Il y a donc eu quelques ratés, mais « globalement, ces échanges ont produit de belles réalisations », reprend le directeur. Citant des initiations (comme à la boxe) que le CCAS n’aurait jamais imaginé proposer, ou des activités plus classiques (ciné-clubs, sorties au cinéma, repas de fête, etc.) ou encore des échanges de savoirs, linguistiques et interculturels quotidiens. « Les étudiants étrangers y gagnent aussi, ils accèdent à une forme de socialisation à la culture et aux modes de vie des Français », ajoute le directeur.
Résultat, la quatrième résidence autonomie gérée par le CCAS, qui n’accueille pas encore de jeunes, tape à son tour à la porte. Son conseil de vie sociale a mis la question sur la table. Pour cette résidence au taux d’occupation élevé, la priorité reste de satisfaire à la demande d’accueil des personnes âgées avant celle de jeunes étudiants, pondère le directeur. Un arbitrage que les membres du conseil d’administration du CCAS devront à nouveau trancher…

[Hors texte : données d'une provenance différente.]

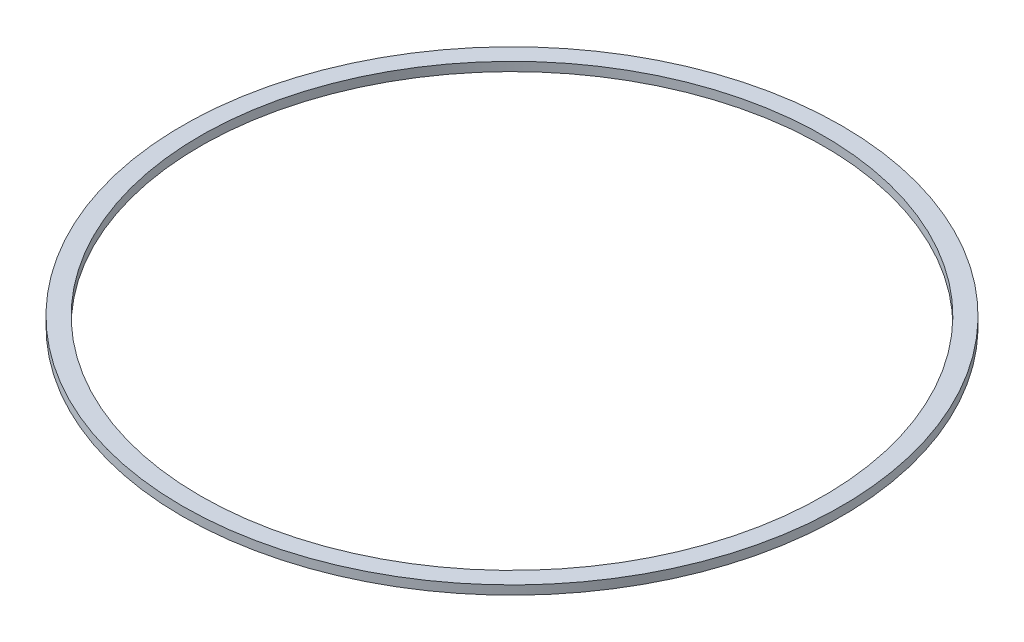
ISO-10303-21;
HEADER;
FILE_DESCRIPTION(('STEP AP214'),'2;1');
FILE_NAME('part.step','',(''),(''),'','','');
FILE_SCHEMA(('AUTOMOTIVE_DESIGN { 1 0 10303 214 1 1 1 1 }'));
ENDSEC;
DATA;
#1=APPLICATION_CONTEXT('core data for automotive mechanical design processes');
#2=APPLICATION_PROTOCOL_DEFINITION('international standard','automotive_design',2000,#1);
#3=PRODUCT_CONTEXT('',#1,'mechanical');
#4=PRODUCT('Part','Part','',(#3));
#5=PRODUCT_RELATED_PRODUCT_CATEGORY('part','',(#4));
#6=PRODUCT_DEFINITION_FORMATION('','',#4);
#7=PRODUCT_DEFINITION_CONTEXT('part definition',#1,'design');
#8=PRODUCT_DEFINITION('design','',#6,#7);
#9=PRODUCT_DEFINITION_SHAPE('','',#8);
#10=(LENGTH_UNIT() NAMED_UNIT(*) SI_UNIT(.MILLI.,.METRE.));
#11=(NAMED_UNIT(*) PLANE_ANGLE_UNIT() SI_UNIT($,.RADIAN.));
#12=(NAMED_UNIT(*) SI_UNIT($,.STERADIAN.) SOLID_ANGLE_UNIT());
#13=UNCERTAINTY_MEASURE_WITH_UNIT(LENGTH_MEASURE(1.E-05),#10,'distance_accuracy_value','');
#14=(GEOMETRIC_REPRESENTATION_CONTEXT(3) GLOBAL_UNCERTAINTY_ASSIGNED_CONTEXT((#13)) GLOBAL_UNIT_ASSIGNED_CONTEXT((#10,
#11,#12)) REPRESENTATION_CONTEXT('',''));
#15=CARTESIAN_POINT('',(0.,0.,0.));
#16=DIRECTION('',(0.,0.,1.));
#17=DIRECTION('',(1.,0.,0.));
#18=AXIS2_PLACEMENT_3D('',#15,#16,#17);
#19=CARTESIAN_POINT('',(0.,1.,0.));
#20=DIRECTION('',(0.,1.,0.));
#21=DIRECTION('',(0.,0.,1.));
#22=AXIS2_PLACEMENT_3D('',#19,#20,#21);
#23=PLANE('',#22);
#24=CARTESIAN_POINT('',(0.,1.,0.));
#25=DIRECTION('',(0.,1.,0.));
#26=DIRECTION('',(0.,0.,1.));
#27=AXIS2_PLACEMENT_3D('',#24,#25,#26);
#28=CIRCLE('',#27,37.);
#29=CARTESIAN_POINT('',(0.,1.,37.));
#30=VERTEX_POINT('',#29);
#31=EDGE_CURVE('E10',#30,#30,#28,.T.);
#32=ORIENTED_EDGE('',*,*,#31,.T.);
#33=EDGE_LOOP('',(#32));
#34=FACE_BOUND('',#33,.T.);
#35=CARTESIAN_POINT('',(0.,1.,0.));
#36=DIRECTION('',(0.,1.,0.));
#37=DIRECTION('',(0.,0.,1.));
#38=AXIS2_PLACEMENT_3D('',#35,#36,#37);
#39=CIRCLE('',#38,35.);
#40=CARTESIAN_POINT('',(0.,1.,35.));
#41=VERTEX_POINT('',#40);
#42=EDGE_CURVE('E41',#41,#41,#39,.T.);
#43=ORIENTED_EDGE('',*,*,#42,.F.);
#44=EDGE_LOOP('',(#43));
#45=FACE_BOUND('',#44,.T.);
#46=ADVANCED_FACE('F30',(#34,#45),#23,.T.);
#47=CARTESIAN_POINT('',(0.,0.,0.));
#48=DIRECTION('',(0.,1.,0.));
#49=DIRECTION('',(0.,0.,1.));
#50=AXIS2_PLACEMENT_3D('',#47,#48,#49);
#51=PLANE('',#50);
#52=CARTESIAN_POINT('',(0.,0.,0.));
#53=DIRECTION('',(0.,1.,0.));
#54=DIRECTION('',(0.,0.,1.));
#55=AXIS2_PLACEMENT_3D('',#52,#53,#54);
#56=CIRCLE('',#55,37.);
#57=CARTESIAN_POINT('',(0.,0.,37.));
#58=VERTEX_POINT('',#57);
#59=EDGE_CURVE('E34',#58,#58,#56,.T.);
#60=ORIENTED_EDGE('',*,*,#59,.F.);
#61=EDGE_LOOP('',(#60));
#62=FACE_BOUND('',#61,.T.);
#63=CARTESIAN_POINT('',(0.,0.,0.));
#64=DIRECTION('',(0.,1.,0.));
#65=DIRECTION('',(0.,0.,1.));
#66=AXIS2_PLACEMENT_3D('',#63,#64,#65);
#67=CIRCLE('',#66,35.);
#68=CARTESIAN_POINT('',(0.,0.,35.));
#69=VERTEX_POINT('',#68);
#70=EDGE_CURVE('E43',#69,#69,#67,.T.);
#71=ORIENTED_EDGE('',*,*,#70,.T.);
#72=EDGE_LOOP('',(#71));
#73=FACE_BOUND('',#72,.T.);
#74=ADVANCED_FACE('F53',(#62,#73),#51,.F.);
#75=CARTESIAN_POINT('',(0.,1.,0.));
#76=DIRECTION('',(0.,-1.,0.));
#77=DIRECTION('',(0.,0.,-1.));
#78=AXIS2_PLACEMENT_3D('',#75,#76,#77);
#79=CYLINDRICAL_SURFACE('',#78,37.);
#80=ORIENTED_EDGE('',*,*,#31,.F.);
#81=EDGE_LOOP('',(#80));
#82=FACE_BOUND('',#81,.T.);
#83=ORIENTED_EDGE('',*,*,#59,.T.);
#84=EDGE_LOOP('',(#83));
#85=FACE_BOUND('',#84,.T.);
#86=ADVANCED_FACE('F32',(#82,#85),#79,.T.);
#87=CARTESIAN_POINT('',(0.,1.,0.));
#88=DIRECTION('',(0.,-1.,0.));
#89=DIRECTION('',(0.,0.,-1.));
#90=AXIS2_PLACEMENT_3D('',#87,#88,#89);
#91=CYLINDRICAL_SURFACE('',#90,35.);
#92=ORIENTED_EDGE('',*,*,#42,.T.);
#93=EDGE_LOOP('',(#92));
#94=FACE_BOUND('',#93,.T.);
#95=ORIENTED_EDGE('',*,*,#70,.F.);
#96=EDGE_LOOP('',(#95));
#97=FACE_BOUND('',#96,.T.);
#98=ADVANCED_FACE('F49',(#94,#97),#91,.F.);
#99=CLOSED_SHELL('',(#46,#74,#86,#98));
#100=MANIFOLD_SOLID_BREP('B2',#99);
#101=ADVANCED_BREP_SHAPE_REPRESENTATION('',(#18,#100),#14);
#102=SHAPE_DEFINITION_REPRESENTATION(#9,#101);
ENDSEC;
END-ISO-10303-21;

Quatre partenaires en relation avec les jeunes
Le CCAS a signé des conventions avec quatre partenaires pour trouver des étudiants et jeunes apprentis ou travailleurs intéressés pour vivre cette démarche intergénérationnelle dans l’une des résidences autonomies de Besançon. Ces partenaires gèrent les listes d’attente des jeunes. Ces derniers postulent ensuite directement auprès des résidences, qui les accueillent en fonction de leurs disponibilités. La première convention a été signée avec le mouvement d’éducation populaire des Centres d'entraînement aux méthodes d’éducation active (Ceméa), puis avec le Lycée Saint-Jean, qui accueille des jeunes en premier cycle universitaire, l’association Erasmus Student Network (ESN), qui accompagne de jeunes étudiants étrangers dans le cadre d’Erasmus et enfin, le Crous. Le projet n’a bénéficié d’aucune aide financière particulière.